Many years ago I was praying in a very special service in Jerusalem known as a vatikin minyan, one which is exactly timed so that the Amidah begins at the moment of sunrise. There was a famous rabbi at the front, one known for his piety and scholarship, a Holocaust survivor, who was praying with a fervor, concentration and love unlike anything I had ever experienced before. I resolved to approach him upon the conclusion of the service and ask this sage how one achieves such an elevated level of prayer.
I went over to him immediately after the service; his head was already buried in a book, and he did not notice my presence for a while. When he finally looked up, I asked him, in Hebrew, how does one merit to kavanah in tefillah. When he fully understood what I was asking him, his entire body began to tremble. He looked at me with penetrating eyes and loudly exclaimed with great emotion and trembling: “To have kavanah in tefillah! That’s the Reb Chaim! Standing before the King! That is the essence of tefillah!”

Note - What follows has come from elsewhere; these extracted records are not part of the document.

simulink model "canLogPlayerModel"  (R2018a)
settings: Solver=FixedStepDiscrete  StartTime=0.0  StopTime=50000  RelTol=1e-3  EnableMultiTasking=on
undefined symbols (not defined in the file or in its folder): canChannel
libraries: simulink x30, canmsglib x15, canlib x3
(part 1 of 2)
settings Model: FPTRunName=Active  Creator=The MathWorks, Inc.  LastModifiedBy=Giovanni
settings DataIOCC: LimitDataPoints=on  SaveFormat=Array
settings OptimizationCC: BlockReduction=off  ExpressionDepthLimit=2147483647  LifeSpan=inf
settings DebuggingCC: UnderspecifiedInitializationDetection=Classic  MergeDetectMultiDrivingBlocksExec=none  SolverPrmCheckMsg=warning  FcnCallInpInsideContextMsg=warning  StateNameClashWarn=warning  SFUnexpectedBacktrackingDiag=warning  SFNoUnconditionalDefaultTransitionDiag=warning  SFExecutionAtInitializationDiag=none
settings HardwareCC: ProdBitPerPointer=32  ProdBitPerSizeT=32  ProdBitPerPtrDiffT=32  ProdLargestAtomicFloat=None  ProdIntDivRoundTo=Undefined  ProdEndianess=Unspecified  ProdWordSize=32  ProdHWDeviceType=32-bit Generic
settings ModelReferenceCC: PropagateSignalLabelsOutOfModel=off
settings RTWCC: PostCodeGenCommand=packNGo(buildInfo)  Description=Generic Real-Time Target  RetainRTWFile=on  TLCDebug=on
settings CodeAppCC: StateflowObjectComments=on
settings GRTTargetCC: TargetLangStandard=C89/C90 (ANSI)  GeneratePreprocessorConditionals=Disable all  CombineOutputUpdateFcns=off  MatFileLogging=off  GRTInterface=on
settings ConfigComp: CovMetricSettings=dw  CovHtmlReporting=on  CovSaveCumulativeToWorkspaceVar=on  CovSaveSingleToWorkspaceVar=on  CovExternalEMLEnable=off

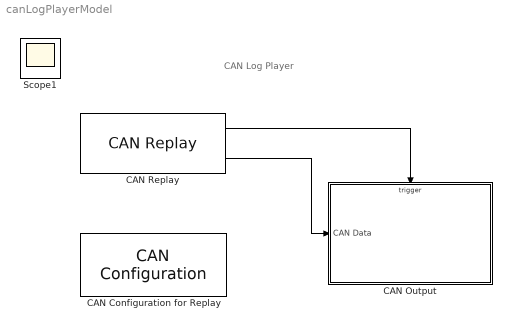
== system canLogPlayerModel ==
  note: CAN Log Player
  CAN Configuration for Replay : canlib/CAN Configuration  BlockHandle=5.0001  DeviceMenu=MathWorks Virtual 1 (Channel 1)  Device=MathWorks Virtual 1 (Channel 1)  ObjConstructor=canChannel('MathWorks', 'Virtual 1', 1)  BusSpeed=500000  EnableBitParameters=off  SJW=0  TSEG1=0  TSEG2=0  NSamples=0  AckMode=Normal
      settings: SourceProductName=Vehicle Network Toolbox  SourceProductBaseCode=VN
  CAN Output : Subsystem  TreatAsAtomicUnit=on
      settings: RTWSystemCode=Nonreusable function
  CAN Replay : canlib/CAN Replay  BlockHandle=121.0002  FullPathFileName=C:\Users\Giovanni\Documents\MATLAB\Maserati\CAN Log Player\log_0703_radars_replay.mat  FileName=log_0703_radars_replay.mat  VariableName=canMsgs  NoTimesReplay=Inf  ReplayTo=Output port  DeviceMenu=Select a device  Device=Select a device  ObjConstructor=Select a constructor  SampleTime=0.01  BusOutput=off
      settings: SourceProductName=Vehicle Network Toolbox  SourceProductBaseCode=VN
  Scope1 : Scope
  wires:
  CAN Replay/2 -> CAN Output/1(CAN Data)
  CAN Replay/1 -> CAN Output/Trigger

== system canLogPlayerModel/CAN Output ==
  CAN Data : Inport
  function : TriggerPort  TriggerType=function-call  VariantControl=Variant
  CAN Log : canlib/CAN Log  Commented=on  BlockHandle=9.0001  FullPathFileName=outputLog.mat  FileName=outputLog.mat  VariableName=outMsgs  MaxNumMessages=100000  LogFrom=Input port  DeviceMenu=Select a device  Device=Select a device  ObjConstructor=Select a constructor  SampleTime=0.01
      settings: SourceProductName=Vehicle Network Toolbox  SourceProductBaseCode=VN
  Command Sensors 1-4 : Subsystem  VariantControl=Variant1
  Sync : Subsystem
  Targets 0-9 : Subsystem
  wires:
  CAN Data/1 -> CAN Log/1, Sync/1(CAN data), Targets 0-9/1(In1), Command Sensors 1-4/1(CAN Data)

== system canLogPlayerModel/CAN Output/Command Sensors 1-4 ==
  CAN Data : Inport
  CAN Unpack Command : Subsystem
  Display Command 4 : Display
      settings: Format=hex (Stored Integer)
  Mux : Mux
  wires:
  CAN Data/1 -> CAN Unpack Command/1(In1)
  CAN Unpack Command/1(Command 1) -> Mux/1
  CAN Unpack Command/2(Command 2) -> Mux/2
  CAN Unpack Command/3(Command 3) -> Mux/3
  CAN Unpack Command/4(Command 4) -> Mux/4
  Mux/1 -> Display Command 4/1

== system canLogPlayerModel/CAN Output/Sync ==
  CAN data : Inport
  CAN Unpack Sync : canmsglib/CAN Unpack  CANdbFile=VehicleInfo.dbc  MsgList=WheelSpeeds  MsgName=Sync  MsgIDType=Standard (11-bit identifier)  MsgIdentifier=hex2dec('100')  MsgLength=8  SignalInfo=LF_WSpeed$8$16$2$2$1$0$1.000000e-02$-100$0$2000$#LR_WSpeed$40$16$2$2$1$0$1.000000e-02$-100$0$2000$#RF_WSpeed$24$16$2$2$1$0$1.000000e-02$-100$0$2000$#RR_WSpeed$56$16$2$2$1$0$1.000000e-02$-100$0$2000$#  NSignals=4  IDPort=off  TimestampPort=off  ErrorPort=off  RemotePort=off  LengthPort=off  StatusPort=off  StartBits=str2num('[int32(8);int32(40);int32(24);int32(56)]')  SignalSizes=str2num('[int32(16);int32(16);int32(16);int32(16)]')  ByteOrders=str2num('[int32(2);int32(2);int32(2);int32(2)]')  DataTypes=str2num('[int32(2);int32(2);int32(2);int32(2)]')  MultiplexTypes=str2num('[int32(1);int32(1);int32(1);int32(1)]')  MultiplexValues=str2num('[double(0);double(0);double(0);double(0)]')  Factors=str2num('[double(1.000000e-02);double(1.000000e-02);double(1.000000e-02);double(1.000000e-02)]')  Offsets=str2num('[double(-100);double(-100);double(-100);double(-100)]')  Minimums=str2num('[double(0);double(0);double(0);double(0)]')  Maximums=str2num('[double(2000);double(2000);double(2000);double(2000)]')  ApplyMinMax=off
      settings: SourceProductName=Simulink Real-Time  SourceProductBaseCode=XP  DataFormat=raw data
  Display Sync : Display
      settings: Format=hex (Stored Integer)
  wires:
  CAN Unpack Sync/1 -> Display Sync/1
  CAN data/1 -> CAN Unpack Sync/1

== system canLogPlayerModel/CAN Output/Targets 0-9 ==
  In1 : Inport
  CAN Unpack Target : Subsystem
  Display Targets : Display
      settings: Format=hex (Stored Integer)
  Mux : Mux  Inputs=10
  Subsystem : Subsystem
  wires:
  In1/1 -> CAN Unpack Target/1(In1)
  Mux/1 -> Display Targets/1
  CAN Unpack Target/3(Target 2) -> Mux/3, Subsystem/3(CAN Target 2)
  CAN Unpack Target/4(Target 3) -> Mux/4, Subsystem/4(CAN Target 3)
  CAN Unpack Target/5(Target 4) -> Mux/5, Subsystem/5(CAN Target 4)
  CAN Unpack Target/6(Target 5) -> Mux/6, Subsystem/6(CAN Target 5)
  CAN Unpack Target/7(Target 6) -> Mux/7, Subsystem/7(CAN Target 6)
  CAN Unpack Target/8(Target 7) -> Mux/8, Subsystem/8(CAN Target 7)
  CAN Unpack Target/9(Target 8) -> Mux/9, Subsystem/9(CAN Target 8)
  CAN Unpack Target/10(Target 9) -> Mux/10, Subsystem/10(CAN Target 9)
  CAN Unpack Target/1(Target 0) -> Mux/1, Subsystem/1(CAN Target 0)
  CAN Unpack Target/2(Target 1) -> Mux/2, Subsystem/2(CAN Target 1)

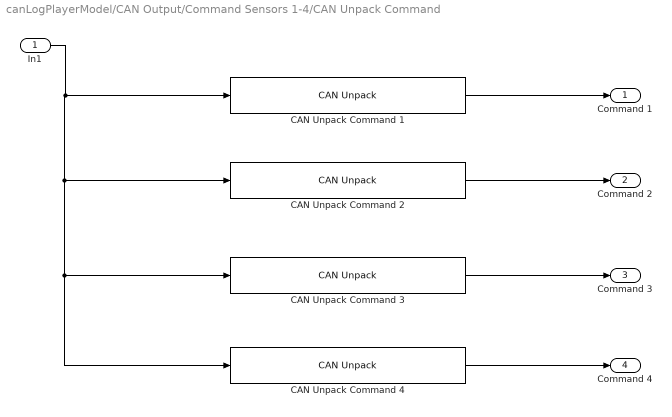
== system canLogPlayerModel/CAN Output/Command Sensors 1-4/CAN Unpack Command ==
  In1 : Inport
  CAN Unpack Command 1 : canmsglib/CAN Unpack  CANdbFile=VehicleInfo.dbc  MsgList=WheelSpeeds  MsgName=Command 1  MsgIDType=Standard (11-bit identifier)  MsgIdentifier=hex2dec('201')  MsgLength=8  SignalInfo=LF_WSpeed$8$16$2$2$1$0$1.000000e-02$-100$0$2000$#LR_WSpeed$40$16$2$2$1$0$1.000000e-02$-100$0$2000$#RF_WSpeed$24$16$2$2$1$0$1.000000e-02$-100$0$2000$#RR_WSpeed$56$16$2$2$1$0$1.000000e-02$-100$0$2000$#  NSignals=4  IDPort=off  TimestampPort=off  ErrorPort=off  RemotePort=off  LengthPort=off  StatusPort=off  StartBits=str2num('[int32(8);int32(40);int32(24);int32(56)]')  SignalSizes=str2num('[int32(16);int32(16);int32(16);int32(16)]')  ByteOrders=str2num('[int32(2);int32(2);int32(2);int32(2)]')  DataTypes=str2num('[int32(2);int32(2);int32(2);int32(2)]')  MultiplexTypes=str2num('[int32(1);int32(1);int32(1);int32(1)]')  MultiplexValues=str2num('[double(0);double(0);double(0);double(0)]')  Factors=str2num('[double(1.000000e-02);double(1.000000e-02);double(1.000000e-02);double(1.000000e-02)]')  Offsets=str2num('[double(-100);double(-100);double(-100);double(-100)]')  Minimums=str2num('[double(0);double(0);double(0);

I sort of crawled out of the shul with my head between my legs, realizing how far I was from where this man was holding. I thought that I needed to do something drastic to even have a chance to get anywhere near that rabbi’s level. That’s when I resolved to begin a weekly class on prayer in a neighborhood yeshiva. The preparation for that class became the greatest joy of my week; I spent many hours on each prayer. I began at the beginning of the siddur (prayer book), and after 10 years got up to Kabbalat Shabbat. (It ended at that point; that’s when I moved to Dallas and became too busy with DATA to find the kind of preparation time I had invested in Jerusalem to go further.) My dream is to continue one day, redo the notes of those 10 years and publish them as a commentary to the siddur. Mainly, I still hope, one day, to achieve the level of that rabbi in his prayers!
Rabbi Yerachmiel D. Fried, noted scholar and author of numerous works on Jewish law, philosophy and Talmud, is founder and dean of DATA, the Dallas Kollel. Questions can be sent to him at yfried@sbcglobal.net.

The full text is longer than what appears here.